==== Data records

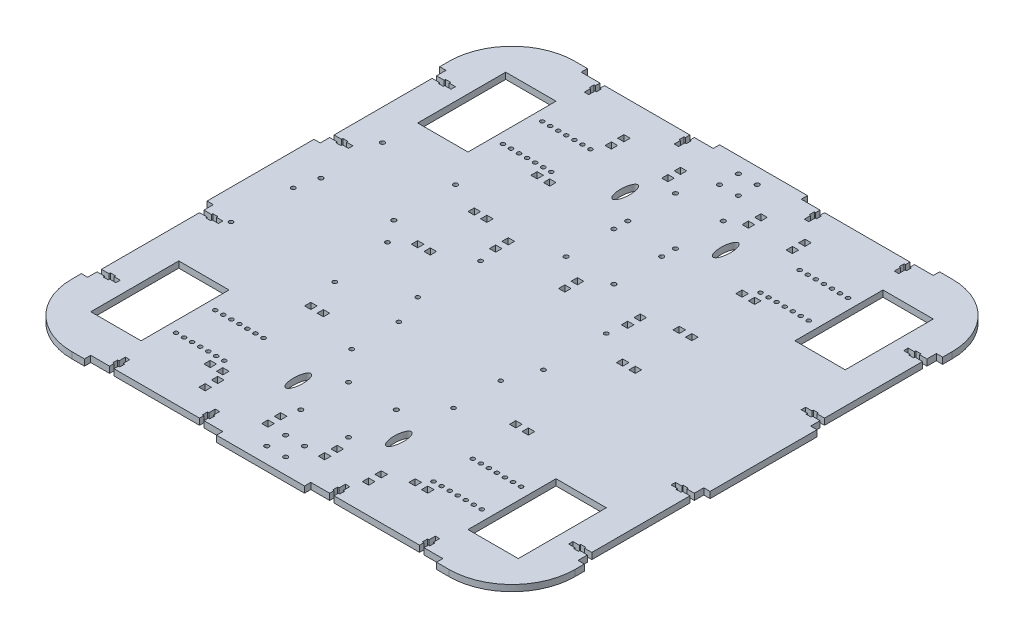
from build123d import *

# Parameters (mm, degrees)
SKETCH1_W           = 400
SKETCH1_H           = 400
SKETCH1_R           = 1.75
SKETCH1_W_2         = 40
SKETCH1_H_2         = 70
BOSS_EXTRUDE2_DEPTH = 5
FILLET1_R           = 50
SKETCH2_R           = 1.6
CUT_EXTRUDE1_DEPTH  = 5
SKETCH3_R           = 1.65
CUT_EXTRUDE2_DEPTH  = 10
SKETCH4_R           = 1.75
CUT_EXTRUDE3_DEPTH  = 10
SKETCH5_R           = 1.75
CUT_EXTRUDE4_DEPTH  = 10
SKETCH6_RX          = 10
SKETCH6_RY          = 3.75
CUT_EXTRUDE5_DEPTH  = 10
SKETCH7_R           = 1.65
CUT_EXTRUDE6_DEPTH  = 10
SKETCH8_R           = 1.65
CUT_EXTRUDE7_DEPTH  = 5
CUT_EXTRUDE8_DEPTH  = 10
SKETCH11_W          = 105
SKETCH11_H          = 5
CUT_EXTRUDE9_DEPTH  = 10
CUT_EXTRUDE10_DEPTH = 5
SKETCH13_W          = 5
SKETCH13_H          = 100
CUT_EXTRUDE11_DEPTH = 5
SKETCH14_W          = 5
SKETCH14_H          = 5
CUT_EXTRUDE12_DEPTH = 10


with BuildPart() as part:
    # Sketch1 → Boss-Extrude2 (new body)
    with BuildSketch(Plane(origin=(0, 0, 0), x_dir=(1, 0, 0), z_dir=(0, 1, 0))):
        Rectangle(SKETCH1_W, SKETCH1_H)
        with Locations((-7.5, 172.5)):
            Circle(SKETCH1_R, mode=Mode.SUBTRACT)
        with Locations((-7.5, 187.5)):
            Circle(SKETCH1_R, mode=Mode.SUBTRACT)
        with Locations((7.5, 172.5)):
            Circle(SKETCH1_R, mode=Mode.SUBTRACT)
        with Locations((7.5, 187.5)):
            Circle(SKETCH1_R, mode=Mode.SUBTRACT)
        with Locations((-150, -130)):
            Rectangle(SKETCH1_W_2, SKETCH1_H_2, mode=Mode.SUBTRACT)
        with Locations((150, -130)):
            Rectangle(SKETCH1_W_2, SKETCH1_H_2, mode=Mode.SUBTRACT)
        with Locations((-150, 130)):
            Rectangle(SKETCH1_W_2, SKETCH1_H_2, mode=Mode.SUBTRACT)
        with Locations((150, 130)):
            Rectangle(SKETCH1_W_2, SKETCH1_H_2, mode=Mode.SUBTRACT)
        with Locations((-7.5, -187.5)):
            Circle(SKETCH1_R, mode=Mode.SUBTRACT)
        with Locations((-7.5, -172.5)):
            Circle(SKETCH1_R, mode=Mode.SUBTRACT)
        with Locations((7.5, -187.5)):
            Circle(SKETCH1_R, mode=Mode.SUBTRACT)
        with Locations((7.5, -172.5)):
            Circle(SKETCH1_R, mode=Mode.SUBTRACT)
    extrude(amount=BOSS_EXTRUDE2_DEPTH)

    # Fillet1
    fillet1_edges = [part.edges().sort_by_distance(p)[0] for p in [
        (200, 2.5, -200),
        (200, 2.5, 200),
        (-200, 2.5, 200),
        (-200, 2.5, -200),
    ]]
    fillet(fillet1_edges, radius=FILLET1_R)

    # Sketch2 → Cut-Extrude1 (cut)
    with BuildSketch(Plane(origin=(0, 5, 0), x_dir=(1, 0, 0), z_dir=(0, 1, 0))):
        with Locations((-121.6, 145.6)):
            Circle(SKETCH2_R)
        with Locations((-115.2, 145.6)):
            Circle(SKETCH2_R)
        with Locations((-108.8, 145.6)):
            Circle(SKETCH2_R)
        with Locations((-102.4, 145.6)):
            Circle(SKETCH2_R)
        with Locations((-96, 145.6)):
            Circle(SKETCH2_R)
        with Locations((-89.6, 145.6)):
            Circle(SKETCH2_R)
        with Locations((-83.2, 145.6)):
            Circle(SKETCH2_R)
        with Locations((-83.2, 114.4)):
            Circle(SKETCH2_R)
        with Locations((-89.6, 114.4)):
            Circle(SKETCH2_R)
        with Locations((-96, 114.4)):
            Circle(SKETCH2_R)
        with Locations((-102.4, 114.4)):
            Circle(SKETCH2_R)
        with Locations((-108.8, 114.4)):
            Circle(SKETCH2_R)
        with Locations((-115.2, 114.4)):
            Circle(SKETCH2_R)
        with Locations((-121.6, 114.4)):
            Circle(SKETCH2_R)
        with Locations((83.2, 114.4)):
            Circle(SKETCH2_R)
        with Locations((89.6, 114.4)):
            Circle(SKETCH2_R)
        with Locations((96, 114.4)):
            Circle(SKETCH2_R)
        with Locations((102.4, 114.4)):
            Circle(SKETCH2_R)
        with Locations((108.8, 114.4)):
            Circle(SKETCH2_R)
        with Locations((115.2, 114.4)):
            Circle(SKETCH2_R)
        with Locations((121.6, 114.4)):
            Circle(SKETCH2_R)
        with Locations((83.2, 145.6)):
            Circle(SKETCH2_R)
        with Locations((89.6, 145.6)):
            Circle(SKETCH2_R)
        with Locations((96, 145.6)):
            Circle(SKETCH2_R)
        with Locations((102.4, 145.6)):
            Circle(SKETCH2_R)
        with Locations((108.8, 145.6)):
            Circle(SKETCH2_R)
        with Locations((115.2, 145.6)):
            Circle(SKETCH2_R)
        with Locations((121.6, 145.6)):
            Circle(SKETCH2_R)
        with Locations((121.6, -145.6)):
            Circle(SKETCH2_R)
        with Locations((115.2, -145.6)):
            Circle(SKETCH2_R)
        with Locations((108.8, -145.6)):
            Circle(SKETCH2_R)
        with Locations((102.4, -145.6)):
            Circle(SKETCH2_R)
        with Locations((96, -145.6)):
            Circle(SKETCH2_R)
        with Locations((89.6, -145.6)):
            Circle(SKETCH2_R)
        with Locations((83.2, -145.6)):
            Circle(SKETCH2_R)
        with Locations((121.6, -114.4)):
            Circle(SKETCH2_R)
        with Locations((115.2, -114.4)):
            Circle(SKETCH2_R)
        with Locations((108.8, -114.4)):
            Circle(SKETCH2_R)
        with Locations((102.4, -114.4)):
            Circle(SKETCH2_R)
        with Locations((96, -114.4)):
            Circle(SKETCH2_R)
        with Locations((89.6, -114.4)):
            Circle(SKETCH2_R)
        with Locations((83.2, -114.4)):
            Circle(SKETCH2_R)
        with Locations((-121.6, -114.4)):
            Circle(SKETCH2_R)
        with Locations((-115.2, -114.4)):
            Circle(SKETCH2_R)
        with Locations((-108.8, -114.4)):
            Circle(SKETCH2_R)
        with Locations((-102.4, -114.4)):
            Circle(SKETCH2_R)
        with Locations((-96, -114.4)):
            Circle(SKETCH2_R)
        with Locations((-89.6, -114.4)):
            Circle(SKETCH2_R)
        with Locations((-83.2, -114.4)):
            Circle(SKETCH2_R)
        with Locations((-83.2, -145.6)):
            Circle(SKETCH2_R)
        with Locations((-89.6, -145.6)):
            Circle(SKETCH2_R)
        with Locations((-96, -145.6)):
            Circle(SKETCH2_R)
        with Locations((-102.4, -145.6)):
            Circle(SKETCH2_R)
        with Locations((-108.8, -145.6)):
            Circle(SKETCH2_R)
        with Locations((-115.2, -145.6)):
            Circle(SKETCH2_R)
        with Locations((-121.6, -145.6)):
            Circle(SKETCH2_R)
    extrude(amount=-CUT_EXTRUDE1_DEPTH, mode=Mode.SUBTRACT)

    # Sketch3 → Cut-Extrude2 (cut)
    with BuildSketch(Plane(origin=(0, 5, 0), x_dir=(1, 0, 0), z_dir=(0, 1, 0))):
        with Locations((-176.03, -47.46)):
            Circle(SKETCH3_R)
        with Locations((-174.76, 0.8)):
            Circle(SKETCH3_R)
        with Locations((-93.48, -47.46)):
            Circle(SKETCH3_R)
        with Locations((-99.83, 0.8)):
            Circle(SKETCH3_R)
    extrude(amount=-CUT_EXTRUDE2_DEPTH, mode=Mode.SUBTRACT)

    # Sketch4 → Cut-Extrude3 (cut)
    with BuildSketch(Plane(origin=(0, 5, 0), x_dir=(1, 0, 0), z_dir=(0, 1, 0))):
        with Locations((-19, 149)):
            Circle(SKETCH4_R)
        with Locations((19, 149)):
            Circle(SKETCH4_R)
        with Locations((19, 111)):
            Circle(SKETCH4_R)
        with Locations((-19, 111)):
            Circle(SKETCH4_R)
        with Locations((-19, 100)):
            Circle(SKETCH4_R)
        with Locations((19, 100)):
            Circle(SKETCH4_R)
        with Locations((19, 62)):
            Circle(SKETCH4_R)
        with Locations((-19, 62)):
            Circle(SKETCH4_R)
        with Locations((-19, -149)):
            Circle(SKETCH4_R)
        with Locations((19, -149)):
            Circle(SKETCH4_R)
        with Locations((-19, -111)):
            Circle(SKETCH4_R)
        with Locations((19, -111)):
            Circle(SKETCH4_R)
    extrude(amount=-CUT_EXTRUDE3_DEPTH, mode=Mode.SUBTRACT)

    # Sketch5 → Cut-Extrude4 (cut)
    with BuildSketch(Plane(origin=(0, 5, 0), x_dir=(1, 0, 0), z_dir=(0, 1, 0))):
        with Locations((-170.5, 67.5)):
            Circle(SKETCH5_R)
        with Locations((-112.5, 67.5)):
            Circle(SKETCH5_R)
        with Locations((-112.5, 18.5)):
            Circle(SKETCH5_R)
        with Locations((-170.5, 18.5)):
            Circle(SKETCH5_R)
    extrude(amount=-CUT_EXTRUDE4_DEPTH, mode=Mode.SUBTRACT)

    # Sketch6 → Cut-Extrude5 (cut)
    with BuildSketch(Plane(origin=(0, 5, 0), x_dir=(1, 0, 0), z_dir=(0, 1, 0))):
        with Locations(Location((-40, 130), (0, 0, 90))):
            Ellipse(SKETCH6_RX, SKETCH6_RY)
        with Locations(Location((40, 130), (0, 0, 90))):
            Ellipse(SKETCH6_RX, SKETCH6_RY)
        with Locations(Location((40, -130), (0, 0, -90))):
            Ellipse(SKETCH6_RX, SKETCH6_RY)
        with Locations(Location((-40, -130), (0, 0, -90))):
            Ellipse(SKETCH6_RX, SKETCH6_RY)
    extrude(amount=-CUT_EXTRUDE5_DEPTH, mode=Mode.SUBTRACT)

    # Sketch7 → Cut-Extrude6 (cut)
    with BuildSketch(Plane(origin=(0, 5, 0), x_dir=(1, 0, 0), z_dir=(0, 1, 0))):
        with Locations((-50, 25)):
            Circle(SKETCH7_R)
        with Locations((50, 25)):
            Circle(SKETCH7_R)
        with Locations((50, -25)):
            Circle(SKETCH7_R)
        with Locations((-50, -25)):
            Circle(SKETCH7_R)
    extrude(amount=-CUT_EXTRUDE6_DEPTH, mode=Mode.SUBTRACT)

    # Sketch8 → Cut-Extrude7 (cut)
    with BuildSketch(Plane(origin=(0, 5, 0), x_dir=(1, 0, 0), z_dir=(0, 1, 0))):
        with Locations((-40.5, -49.5)):
            Circle(SKETCH8_R)
        with Locations((40.5, -49.5)):
            Circle(SKETCH8_R)
        with Locations((40.5, -87)):
            Circle(SKETCH8_R)
        with Locations((-40.5, -87)):
            Circle(SKETCH8_R)
    extrude(amount=-CUT_EXTRUDE7_DEPTH, mode=Mode.SUBTRACT)

    # Sketch10 → Cut-Extrude8 (cut)
    with BuildSketch(Plane(origin=(0, 5, 0), x_dir=(1, 0, 0), z_dir=(0, 1, 0))):
        Polygon((-125, -200), (-121.5, -200), (-121.5, -191.5), (-120.4, -191.5), (-120.4, -187.5), (-121.5, -187.5), (-121.5, -182.5), (-125, -182.5), (-125, -187.5), (-126.1, -187.5), (-126.1, -191.5), (-125, -191.5), align=None)
        Polygon((-53.5, -200), (-50, -200), (-50, -191.5), (-48.9, -191.5), (-48.9, -187.5), (-50, -187.5), (-50, -182.5), (-53.5, -182.5), (-53.5, -187.5), (-54.6, -187.5), (-54.6, -191.5), (-53.5, -191.5), align=None)
        Polygon((125, -200), (125, -191.5), (126.1, -191.5), (126.1, -187.5), (125, -187.5), (125, -182.5), (121.5, -182.5), (121.5, -187.5), (120.4, -187.5), (120.4, -191.5), (121.5, -191.5), (121.5, -200), align=None)
        Polygon((53.5, -200), (53.5, -191.5), (54.6, -191.5), (54.6, -187.5), (53.5, -187.5), (53.5, -182.5), (50, -182.5), (50, -187.5), (48.9, -187.5), (48.9, -191.5), (50, -191.5), (50, -200), align=None)
        Polygon((125, 200), (121.5, 200), (121.5, 191.5), (120.4, 191.5), (120.4, 187.5), (121.5, 187.5), (121.5, 182.5), (125, 182.5), (125, 187.5), (126.1, 187.5), (126.1, 191.5), (125, 191.5), align=None)
        Polygon((53.5, 200), (50, 200), (50, 191.5), (48.9, 191.5), (48.9, 187.5), (50, 187.5), (50, 182.5), (53.5, 182.5), (53.5, 187.5), (54.6, 187.5), (54.6, 191.5), (53.5, 191.5), align=None)
        Polygon((-53.5, 200), (-53.5, 191.5), (-54.6, 191.5), (-54.6, 187.5), (-53.5, 187.5), (-53.5, 182.5), (-50, 182.5), (-50, 187.5), (-48.9, 187.5), (-48.9, 191.5), (-50, 191.5), (-50, 200), align=None)
        Polygon((-125, 200), (-125, 191.5), (-126.1, 191.5), (-126.1, 187.5), (-125, 187.5), (-125, 182.5), (-121.5, 182.5), (-121.5, 187.5), (-120.4, 187.5), (-120.4, 191.5), (-121.5, 191.5), (-121.5, 200), align=None)
    extrude(amount=-CUT_EXTRUDE8_DEPTH, mode=Mode.SUBTRACT)

    # Sketch11 → Cut-Extrude9 (cut)
    with BuildSketch(Plane(origin=(0, 5, 0), x_dir=(1, 0, 0), z_dir=(0, 1, 0))):
        with Locations((-87.5, -197.5)):
            Rectangle(SKETCH11_W, SKETCH11_H)
        with Locations((87.5, -197.5)):
            Rectangle(SKETCH11_W, SKETCH11_H)
        with Locations((87.5, 197.5)):
            Rectangle(SKETCH11_W, SKETCH11_H)
        with Locations((-87.5, 197.5)):
            Rectangle(SKETCH11_W, SKETCH11_H)
    extrude(amount=-CUT_EXTRUDE9_DEPTH, mode=Mode.SUBTRACT)

    # Sketch12 → Cut-Extrude10 (cut)
    with BuildSketch(Plane(origin=(0, 5, 0), x_dir=(1, 0, 0), z_dir=(0, 1, 0))):
        Polygon((-200, 135), (-189, 135), (-189, 136.1), (-185, 136.1), (-185, 135), (-180, 135), (-180, 131.5), (-185, 131.5), (-185, 130.4), (-189, 130.4), (-189, 131.5), (-200, 131.5), align=None)
        Polygon((-200, 53.5), (-189, 53.5), (-189, 54.6), (-185, 54.6), (-185, 53.5), (-180, 53.5), (-180, 50), (-185, 50), (-185, 48.9), (-189, 48.9), (-189, 50), (-200, 50), align=None)
        Polygon((-200, -53.5), (-200, -50), (-189, -50), (-189, -48.9), (-185, -48.9), (-185, -50), (-180, -50), (-180, -53.5), (-185, -53.5), (-185, -54.6), (-189, -54.6), (-189, -53.5), align=None)
        Polygon((-200, -135), (-200, -131.5), (-189, -131.5), (-189, -130.4), (-185, -130.4), (-185, -131.5), (-180, -131.5), (-180, -135), (-185, -135), (-185, -136.1), (-189, -136.1), (-189, -135), align=None)
        Polygon((200, -135), (189, -135), (189, -136.1), (185, -136.1), (185, -135), (180, -135), (180, -131.5), (185, -131.5), (185, -130.4), (189, -130.4), (189, -131.5), (200, -131.5), align=None)
        Polygon((200, -53.5), (189, -53.5), (189, -54.6), (185, -54.6), (185, -53.5), (180, -53.5), (180, -50), (185, -50), (185, -48.9), (189, -48.9), (189, -50), (200, -50), align=None)
        Polygon((200, 53.5), (200, 50), (189, 50), (189, 48.9), (185, 48.9), (185, 50), (180, 50), (180, 53.5), (185, 53.5), (185, 54.6), (189, 54.6), (189, 53.5), align=None)
        Polygon((200, 135), (200, 131.5), (189, 131.5), (189, 130.4), (185, 130.4), (185, 131.5), (180, 131.5), (180, 135), (185, 135), (185, 136.1), (189, 136.1), (189, 135), align=None)
    extrude(amount=-CUT_EXTRUDE10_DEPTH, mode=Mode.SUBTRACT)

    # Sketch13 → Cut-Extrude11 (cut)
    with BuildSketch(Plane(origin=(0, 5, 0), x_dir=(1, 0, 0), z_dir=(0, 1, 0))):
        with Locations((-197.5, 92.5)):
            Rectangle(SKETCH13_W, SKETCH13_H)
        with Locations((-197.5, -92.5)):
            Rectangle(SKETCH13_W, SKETCH13_H)
        with Locations((197.5, -92.5)):
            Rectangle(SKETCH13_W, SKETCH13_H)
        with Locations((197.5, 92.5)):
            Rectangle(SKETCH13_W, SKETCH13_H)
    extrude(amount=-CUT_EXTRUDE11_DEPTH, mode=Mode.SUBTRACT)

    # Sketch14 → Cut-Extrude12 (cut)
    with BuildSketch(Plane(origin=(0, 5, 0), x_dir=(1, 0, 0), z_dir=(0, 1, 0))):
        with Locations((31.5, 166.5)):
            Rectangle(SKETCH14_W, SKETCH14_H)
        with Locations((31.5, 156.5)):
            Rectangle(SKETCH14_W, SKETCH14_H)
        with Locations((66.5, 166.5)):
            Rectangle(SKETCH14_W, SKETCH14_H)
        with Locations((66.5, 156.5)):
            Rectangle(SKETCH14_W, SKETCH14_H)
        with Locations((2.5, 49.5)):
            Rectangle(SKETCH14_W, SKETCH14_H)
        with Locations((2.5, 39.5)):
            Rectangle(SKETCH14_W, SKETCH14_H)
        with Locations((52.5, 49.5)):
            Rectangle(SKETCH14_W, SKETCH14_H)
        with Locations((52.5, 39.5)):
            Rectangle(SKETCH14_W, SKETCH14_H)
        with Locations((22.5, -161.5)):
            Rectangle(SKETCH14_W, SKETCH14_H)
        with Locations((22.5, -171.5)):
            Rectangle(SKETCH14_W, SKETCH14_H)
        with Locations((57.5, -161.5)):
            Rectangle(SKETCH14_W, SKETCH14_H)
        with Locations((57.5, -171.5)):
            Rectangle(SKETCH14_W, SKETCH14_H)
        with Locations((-32.5, 166.5)):
            Rectangle(SKETCH14_W, SKETCH14_H)
        with Locations((-32.5, 156.5)):
            Rectangle(SKETCH14_W, SKETCH14_H)
        with Locations((-52.5, 49.5)):
            Rectangle(SKETCH14_W, SKETCH14_H)
        with Locations((-52.5, 39.5)):
            Rectangle(SKETCH14_W, SKETCH14_H)
        with Locations((-22.5, -161.5)):
            Rectangle(SKETCH14_W, SKETCH14_H)
        with Locations((-22.5, -171.5)):
            Rectangle(SKETCH14_W, SKETCH14_H)
        with Locations((-77.5, 166.5)):
            Rectangle(SKETCH14_W, SKETCH14_H)
        with Locations((-77.5, 156.5)):
            Rectangle(SKETCH14_W, SKETCH14_H)
        with Locations((-72.5, -161.5)):
            Rectangle(SKETCH14_W, SKETCH14_H)
        with Locations((-72.5, -171.5)):
            Rectangle(SKETCH14_W, SKETCH14_H)
        with Locations((76.5, -153.5)):
            Rectangle(SKETCH14_W, SKETCH14_H)
        with Locations((86.5, -153.5)):
            Rectangle(SKETCH14_W, SKETCH14_H)
        with Locations((76.5, -73.5)):
            Rectangle(SKETCH14_W, SKETCH14_H)
        with Locations((86.5, -73.5)):
            Rectangle(SKETCH14_W, SKETCH14_H)
        with Locations((76.5, 11.5)):
            Rectangle(SKETCH14_W, SKETCH14_H)
        with Locations((86.5, 11.5)):
            Rectangle(SKETCH14_W, SKETCH14_H)
        with Locations((76.5, 56.5)):
            Rectangle(SKETCH14_W, SKETCH14_H)
        with Locations((86.5, 56.5)):
            Rectangle(SKETCH14_W, SKETCH14_H)
        with Locations((76.5, 106.5)):
            Rectangle(SKETCH14_W, SKETCH14_H)
        with Locations((86.5, 106.5)):
            Rectangle(SKETCH14_W, SKETCH14_H)
        with Locations((-76.5, 106.5)):
            Rectangle(SKETCH14_W, SKETCH14_H)
        with Locations((-86.5, 106.5)):
            Rectangle(SKETCH14_W, SKETCH14_H)
        with Locations((-76.5, 56.5)):
            Rectangle(SKETCH14_W, SKETCH14_H)
        with Locations((-86.5, 56.5)):
            Rectangle(SKETCH14_W, SKETCH14_H)
        with Locations((-76.5, 11.5)):
            Rectangle(SKETCH14_W, SKETCH14_H)
        with Locations((-86.5, 11.5)):
            Rectangle(SKETCH14_W, SKETCH14_H)
        with Locations((-76.5, -73.5)):
            Rectangle(SKETCH14_W, SKETCH14_H)
        with Locations((-86.5, -73.5)):
            Rectangle(SKETCH14_W, SKETCH14_H)
        with Locations((-76.5, -153.5)):
            Rectangle(SKETCH14_W, SKETCH14_H)
        with Locations((-86.5, -153.5)):
            Rectangle(SKETCH14_W, SKETCH14_H)
    extrude(amount=-CUT_EXTRUDE12_DEPTH, mode=Mode.SUBTRACT)


solid = part.part

========

_Description of the task_: Which lines in the records above contain the word "part"? Copy each one.

_Task response_:
with BuildPart() as part:
    fillet1_edges = [part.edges().sort_by_distance(p)[0] for p in [
solid = part.part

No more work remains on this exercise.